I went out to pick the parsley for dinner-and there your were.
With nine siblings I guess
Do eggs count as siblings?
After a few days, you were all suddenly large and striped. Then fat. And green and yellow and black.
Together you devoured my parsley, so I bought more and put it in a vase that I buried in the garden to trick you.
You all fell for it and soon ate all of that too.
Your siblings sought new places after a bit. I found a few of them among the mint and the daisies…though it took awhile.
Little, hidden bundles in which a miracle transformation would take place.
But despite their efforts at safety, their green shelters disappeared.
Predators I suppose.
So I took you and 3 others and put you in a box with parsley and sticks. I cut and covered the sides with old screen.
I hoped I might be so lucky to witness the miracle.
The smallest one died.
But you and your siblings did what you did, and before long you were hidden too.
They broke free after a time. Beautiful-Perfect wings. Yellow, blue, orange and black. Miracle!
When I found them in the morning they were slamming into the screens I put up, desperate to get into the world and take wing.
Angry, anxious, urgent.
But you stayed a bit longer in your quiet chamber. Every day I checked for signs of your emergence and when you began to quiver and break free–I stepped away. It seemed too intrusive to watch you come into new life.
Your wings were wrinkled and misshapen. When you tried to jolt them into giving you freedom, they proved too heavy for you and you ended up laying on them while your longs legs punched angrily at the top of the box.
Hours later, the same thing. Horribly small wings, like intricately decorated crushed tissue–and those wiry legs cursing the sky.
When I had let your siblings go, they took flight quickly, but then as if it were too much too soon, they each stopped to pause, to test the wings and feel the wind before leaving to flit among the flowers. But you had no way of holding yourself upright. Your wings failed to grow. You would not fly. Would not taste the milk and honey, would not land among the promised land of lavender and sunflower and echinacea.
So I took you to the purple flowers in the pot on the porch, the ones that looked like bells.
And I carefully pulled a stem down and put it in front of you. So you could taste life. Like your siblings did.
And as if refreshed with a new strength, you tried again to make your wings work and to stand tall on your stilt legs. When you fell again, I righted you and propped you up under your new violet canopy, hoping you could at least feel the breeze and sense the world beyond the pot.

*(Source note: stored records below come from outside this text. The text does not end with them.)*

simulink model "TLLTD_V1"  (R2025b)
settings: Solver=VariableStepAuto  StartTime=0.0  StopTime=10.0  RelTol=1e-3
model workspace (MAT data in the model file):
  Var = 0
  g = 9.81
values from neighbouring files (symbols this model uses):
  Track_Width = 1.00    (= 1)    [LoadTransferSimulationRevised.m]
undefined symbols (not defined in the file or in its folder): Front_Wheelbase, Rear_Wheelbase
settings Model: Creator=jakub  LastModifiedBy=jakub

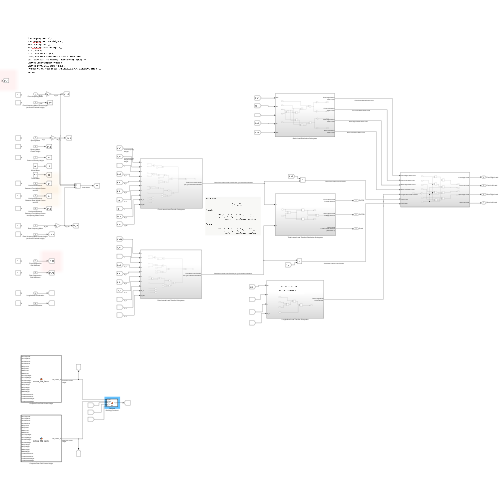
[thumbnail: Simulink's stored preview of the top-level diagram]
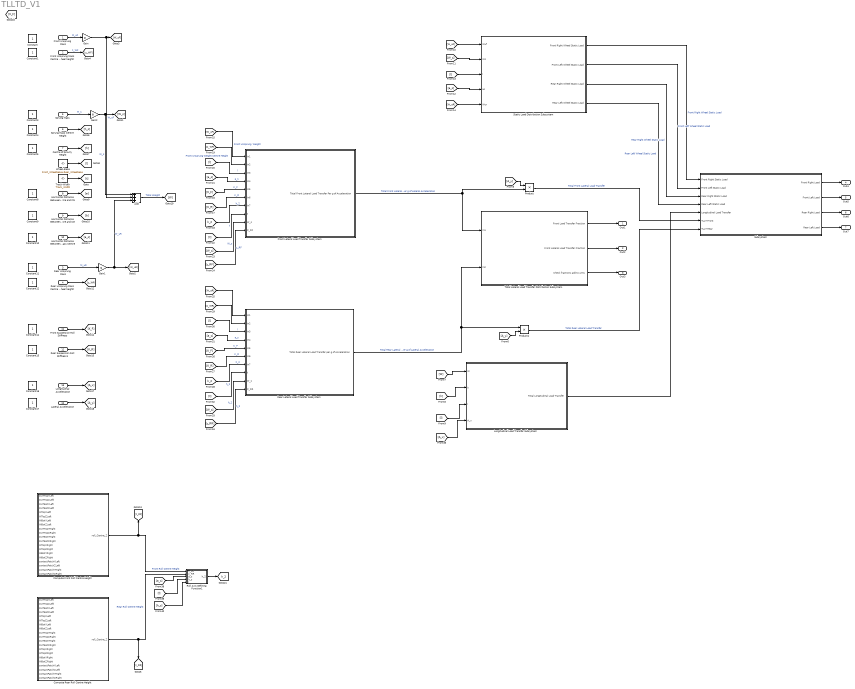
== system TLLTD_V1 ==
  Front Unsprung Mass : Inport
  Front Unsprung Mass Centre height (at centre of wheel height) : Inport  Port=2
  Rear Unsprung Mass : Inport  Port=3
  Rear Unsprung Mass Centre height (at centre of wheel height) : Inport  Port=4
  Sprung Mass : Inport  Port=5
  Sprung Mass Centre Height : Inport  Port=6
  Centre of Gravity Height : Inport  Port=7
  Horizontal Distance Between Front Wheel Centre and CG : Inport  Port=8
  Horizontal Distance Between Rear Wheel Centre and CG : Inport  Port=9
  Horizontal Distance Between Front Wheel Centre and Sprung Mass Centre : Inport  Port=10
  Front Suspension Roll Stiffness : Inport  Port=11
  Rear Suspension Roll Stiffness1 : Inport  Port=12
  Longitudinal Acceleration : Inport  Port=13
  Lateral Acceleration : Inport  Port=14
  Add : Sum  Inputs=+++
  Compute Front Roll Centre Height : MATLAB Function  TreatAsAtomicUnit=on
  Compute Rear Roll Centre Height : MATLAB Function  TreatAsAtomicUnit=on
  Constant{,1,3..5,8..12,14..17} (14 alike) : Constant
  Front Lateral Load Transfer Subsystem : Subsystem
  Gain : Gain  Gain=g
  Gain1 : Gain  Gain=g
  Gain2 : Gain  Gain=g
  Longitudinal Load Transfer Subsystem : Subsystem
  Product : Product
  Product1 : Product
  Rear Lateral Load Transfer Subsystem : Subsystem
  Roll Axis Defining Function1 : MATLAB Function  TreatAsAtomicUnit=on
  Static Load Distribution Subsystem : Subsystem
  Subsystem : Subsystem
  Total Lateral Load Transfer Distribution Subsystem : Subsystem
  Track-Width : Constant  Value=Track_Width
  Wheel-Base : Constant  Value=Front_Wheelbase+Rear_Wheelbase
  Out1 : Outport  SignalName=TLLTDF
  Out2 : Outport  Port=2  SignalName=TLLTDR
  Out3 : Outport  Port=3  SignalName=Check
  Out4 : Outport  Port=4  SignalName=Front Right Load
  Out5 : Outport  Port=5  SignalName=Front Left Load
  Out6 : Outport  Port=6  SignalName=Rear Right Load
  Out7 : Outport  Port=7  SignalName=Rear Left Load
  tag scope: h_2=global
  wires:
  Gain/1 -> Add/2, [W_uF]  "W_uF"
  Rear Unsprung Mass/1 -> Gain1/1  "M_uR"
  Gain1/1 -> Add/3, [W_uR]  "W_uR"
  Sprung Mass/1 -> Gain2/1  "M_s"
  Gain2/1 -> Add/1, [W_s]  "W_s"
  Track-Width/1 -> [t]
  Front Unsprung Mass/1 -> Gain/1  "M_uF"
  Front Unsprung Mass Centre height (at centre of wheel height)/1 -> [z_WF]  "z_WF"
  Sprung Mass Centre Height/1 -> [h_s]
  Centre of Gravity Height/1 -> [h]
  Wheel-Base/1 -> [l]
  Horizontal Distance Between Front Wheel Centre and CG/1 -> [a]
  Horizontal Distance Between Rear Wheel Centre and CG/1 -> [b]
  Horizontal Distance Between Front Wheel Centre and Sprung Mass Centre/1 -> [a_s]
  Rear Unsprung Mass Centre height (at centre of wheel height)/1 -> [z_WR]
  Front Suspension Roll Stiffness/1 -> [K_F]
  Rear Suspension Roll Stiffness1/1 -> [K_R]
  Total Lateral Load Transfer Distribution Subsystem/1(Front Load Transfer Fraction) -> Out1/1
  Total Lateral Load Transfer Distribution Subsystem/2(Front Lateral Load Transfer Fraction) -> Out2/1
  Front Lateral Load Transfer Subsystem/1(Total Front Lateral Load Transfer Per g of Acceleration) -> Total Lateral Load Transfer Distribution Subsystem/1(In1), Product/2  "Total Front Lateral Load Transfer Per g of Lateral Acceleration"
  Rear Lateral Load Transfer Subsystem/1(Total Rear Lateral Load Transfer per g of Acceleration) -> Total Lateral Load Transfer Distribution Subsystem/2(In2), Product1/1  "Total Rear Lateral Load Transfer per g of Lateral Acceleration"
  Total Lateral Load Transfer Distribution Subsystem/3(Check fractions add to unity) -> Out3/1
  Static Load Distribution Subsystem/1(Front Right Wheel Static Load) -> Subsystem/1(Front Right Static Load)  "Front Right Wheel Static Load"
  Static Load Distribution Subsystem/2(Front Left Wheel Static Load) -> Subsystem/2(Front Left Static Load)  "Front Left Wheel Static Load"
  Static Load Distribution Subsystem/3(Rear Right Wheel Static Load) -> Subsystem/3(Rear Right Static Load)  "Rear Right Wheel Static Load"
  Static Load Distribution Subsystem/4(Rear Left Wheel Static Load) -> Subsystem/4(Rear Left Static Load)  "Rear Left Wheel Static Load"
  Longitudinal Acceleration/1 -> [A_x]
  Lateral Acceleration/1 -> [A_y]
  Add/1 -> [W]  "Total Weight"
  [A_y] -> Product/1
  Product/1 -> Subsystem/6(TLLT Front)  "Total Front Lateral Load Transfer"
  [A_y] -> Product1/2
  Product1/1 -> Subsystem/7(TLLT Rear)  "Total Rear Lateral Load Transfer"
  Longitudinal Load Transfer Subsystem/1(Total Longitudinal Load Transfer) -> Subsystem/5(Longitudinal Load Transfer)
  Subsystem/1(Front Right Load) -> Out4/1
  Subsystem/2(Front Left Load) -> Out5/1
  Subsystem/3(Rear Right Load) -> Out6/1
  Subsystem/4(Rear Left Load) -> Out7/1
  [W] -> Longitudinal Load Transfer Subsystem/1(W)
  [h] -> Longitudinal Load Transfer Subsystem/2(h)
  [l] -> Longitudinal Load Transfer Subsystem/3(l)
  [W_uF] -> Static Load Distribution Subsystem/1(Wuf)
  [W_s] -> Static Load Distribution Subsystem/2(Ws)
  [l] -> Static Load Distribution Subsystem/3(l)
  [a_s] -> Static Load Distribution Subsystem/4(as)
  [W_uR] -> Static Load Distribution Subsystem/5(Wur)
  [t] -> Front Lateral Load Transfer Subsystem/8(t)  "t"
  [W_s] -> Front Lateral Load Transfer Subsystem/9(W_s)  "W_s"
  [z_RF] -> Front Lateral Load Transfer Subsystem/10(Z_RF)  "z_RF"
  [h_2] -> Front Lateral Load Transfer Subsystem/7(In7)  "h_2"
  [K_R] -> Front Lateral Load Transfer Subsystem/6(In6)  "K_R"
  [K_F] -> Front Lateral Load Transfer Subsystem/5(In5)  "K_F"
  [a_s] -> Front Lateral Load Transfer Subsystem/4(In4)  "a_s"
  [l] -> Front Lateral Load Transfer Subsystem/3(In3)  "l"
  [z_WF] -> Front Lateral Load Transfer Subsystem/2(In2)  "Front Unsprung Weight Centre Height"
  [W_uF] -> Front Lateral Load Transfer Subsystem/1(In1)  "Front Unsprung  Weight"
  [W_s] -> Rear Lateral Load Transfer Subsystem/9(W_s)  "h_2"
  [t] -> Rear Lateral Load Transfer Subsystem/8(t)  "h_2"
  [K_F] -> Rear Lateral Load Transfer Subsystem/5(In5)  "K_F"
  [h_2] -> Rear Lateral Load Transfer Subsystem/7(In7)  "h_2"
  [K_R] -> Rear Lateral Load Transfer Subsystem/6(In6)  "K_R"
  [W_uR] -> Rear Lateral Load Transfer Subsystem/1(In1)
  [a_s] -> Rear Lateral Load Transfer Subsystem/4(In4)  "a_s"
  [l] -> Rear Lateral Load Transfer Subsystem/3(In3)  "l"
  [z_RR] -> Rear Lateral Load Transfer Subsystem/10(Z_RR)  "h_2"
  [z_WR] -> Rear Lateral Load Transfer Subsystem/2(In2)
  [A_x] -> Longitudinal Load Transfer Subsystem/4(A_x)
  Compute Rear Roll Centre Height/1(roll_Centre_Z) -> [z_RR], Roll Axis Defining Function1/2(z_RR)  "Rear Roll Centre Height"
  Roll Axis Defining Function1/1(h_2) -> [h_2]
  [a_s] -> Roll Axis Defining Function1/3(a_s)
  [h_s] -> Roll Axis Defining Function1/5(l)
  [l] -> Roll Axis Defining Function1/4(h_s)
  Compute Front Roll Centre Height/1(roll_Centre_Z) -> [z_RF], Roll Axis Defining Function1/1(z_RF)  "Front Roll Centre Height"

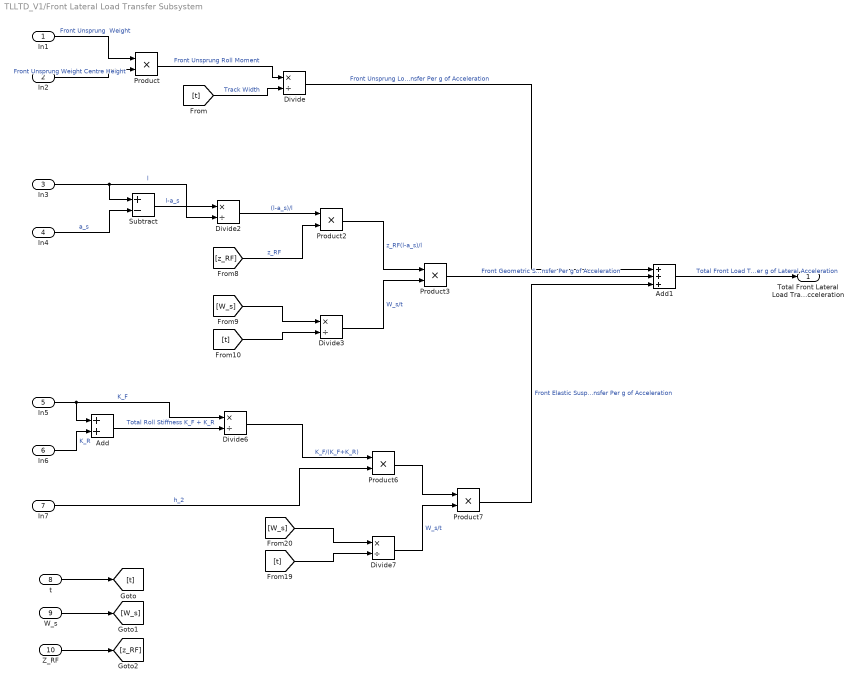
== system TLLTD_V1/Front Lateral Load Transfer Subsystem ==
  In1 : Inport
  In2 : Inport  Port=2
  In3 : Inport  Port=3
  In4 : Inport  Port=4
  In5 : Inport  Port=5
  In6 : Inport  Port=6
  In7 : Inport  Port=7
  t : Inport  Port=8
  W_s : Inport  Port=9
  Z_RF : Inport  Port=10
  Add : Sum
  Add1 : Sum  Inputs=+++
  Divide{,2..3,6..7} (5 alike) : Product  Inputs=*/
  Product{,2..3,6..7} (5 alike) : Product
  Subtract : Sum  Inputs=+-
  Total Front Lateral Load Transfer Per g of Acceleration : Outport
  wires:
  In1/1 -> Product/1  "Front Unsprung  Weight"
  Product7/1 -> Add1/3  "Front Elastic Suspended Load Transfer Per g of Acceleration"
  Divide3/1 -> Product3/2  "W_s/t"
  In2/1 -> Product/2  "Front Unsprung Weight Centre Height"
  [W_s] -> Divide3/1
  In7/1 -> Product6/2  "h_2"
  Product/1 -> Divide/1  "Front Unsprung Roll Moment"
  In3/1 -> Divide2/2, Subtract/1  "l"
  Divide/1 -> Add1/1  "Front Unsprung Load Transfer Per g of Acceleration"
  [W_s] -> Divide7/1
  In5/1 -> Divide6/1, Add/1  "K_F"
  [t] -> Divide3/2
  In4/1 -> Subtract/2  "a_s"
  [z_RF] -> Product2/2  "z_RF"
  Add/1 -> Divide6/2  "Total Roll Stiffness K_F + K_R"
  Divide2/1 -> Product2/1  "(l-a_s)/l"
  Add1/1 -> Total Front Lateral Load Transfer Per g of Acceleration/1  "Total Front Load Transfer per g of Lateral Acceleration"
  Product2/1 -> Product3/1  "z_RF(l-a_s)/l"
  Subtract/1 -> Divide2/1  "l-a_s"
  Product6/1 -> Product7/1
  [t] -> Divide7/2
  [t] -> Divide/2  "Track Width"
  Divide7/1 -> Product7/2  "W_s/t"
  Divide6/1 -> Product6/1  "K_F/(K_F+K_R)"
  In6/1 -> Add/2  "K_R"
  Product3/1 -> Add1/2  "Front Geometric Suspended Load Transfer Per g of Acceleration"
  t/1 -> [t]
  W_s/1 -> [W_s]
  Z_RF/1 -> [z_RF]

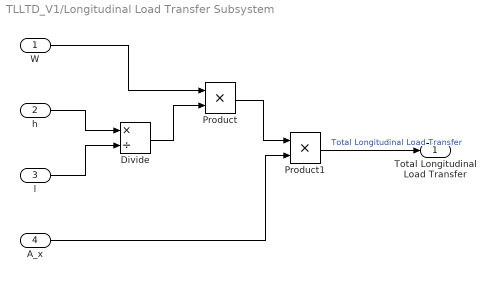
== system TLLTD_V1/Longitudinal Load Transfer Subsystem ==
  W : Inport
  h : Inport  Port=2
  l : Inport  Port=3
  A_x : Inport  Port=4
  Divide : Product  Inputs=*/
  Product : Product
  Product1 : Product
  Total Longitudinal Load Transfer : Outport
  wires:
  Product/1 -> Product1/1
  Product1/1 -> Total Longitudinal Load Transfer/1  "Total Longitudinal Load Transfer"
  Divide/1 -> Product/2
  A_x/1 -> Product1/2
  W/1 -> Product/1
  h/1 -> Divide/1
  l/1 -> Divide/2

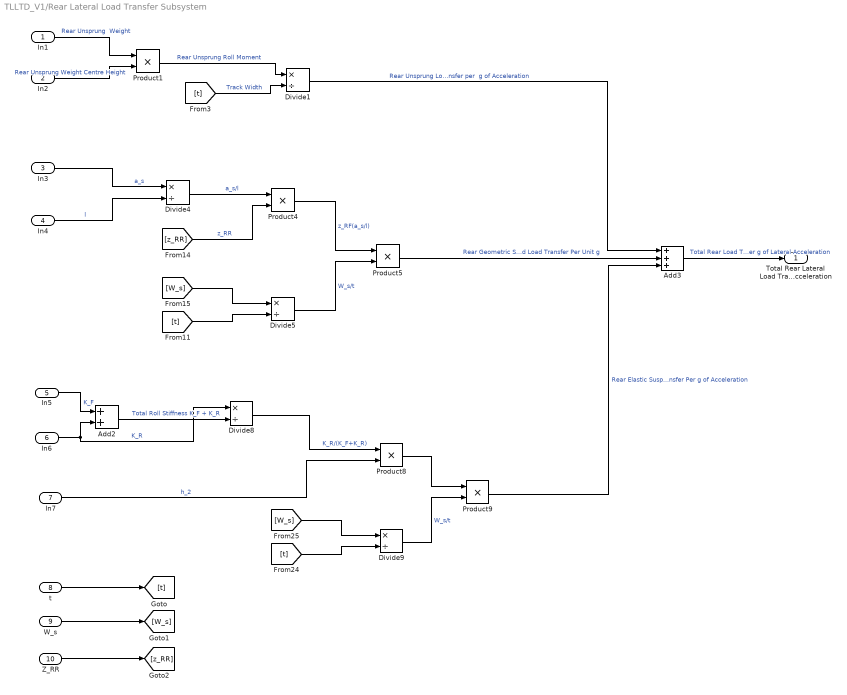
== system TLLTD_V1/Rear Lateral Load Transfer Subsystem ==
  In1 : Inport
  In2 : Inport  Port=2
  In3 : Inport  Port=3
  In4 : Inport  Port=4
  In5 : Inport  Port=5
  In6 : Inport  Port=6
  In7 : Inport  Port=7
  t : Inport  Port=8
  W_s : Inport  Port=9
  Z_RR : Inport  Port=10
  Add2 : Sum
  Add3 : Sum  Inputs=+++
  Divide{1,4..5,8..9} (5 alike) : Product  Inputs=*/
  Product{1,4..5,8..9} (5 alike) : Product
  Total Rear Lateral Load Transfer per g of Acceleration : Outport
  wires:
  Divide4/1 -> Product4/1  "a_s/l"
  Add2/1 -> Divide8/2  "Total Roll Stiffness K_F + K_R"
  [t] -> Divide9/2
  Divide8/1 -> Product8/1  "K_R/(K_F+K_R)"
  [W_s] -> Divide9/1
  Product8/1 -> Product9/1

For three days I bent the stem to you and righted you so you could hold on to it’s green fuzz while you tasted life. Your probiscus worked eagerly your antennae reaching, touching, feeling all the life you could take in.
When I found you that 4th morning, laying still in the pot on your crumpled wings, your legs unmoving, I buried you in the garden near the parsley plant where we first met.
The sheer force of your tiny self, your short, small, struggling life, your beautiful, horrible wings, your screaming legs and your willingness to take what I offered still captivates me to this day. You tried and tried to be who you were made to be.
And I hope that our during our encounter here on earth, I gave you some small comfort in those purple flowers.
Maybe just a tiny taste, of what it was,
to be a butterfly.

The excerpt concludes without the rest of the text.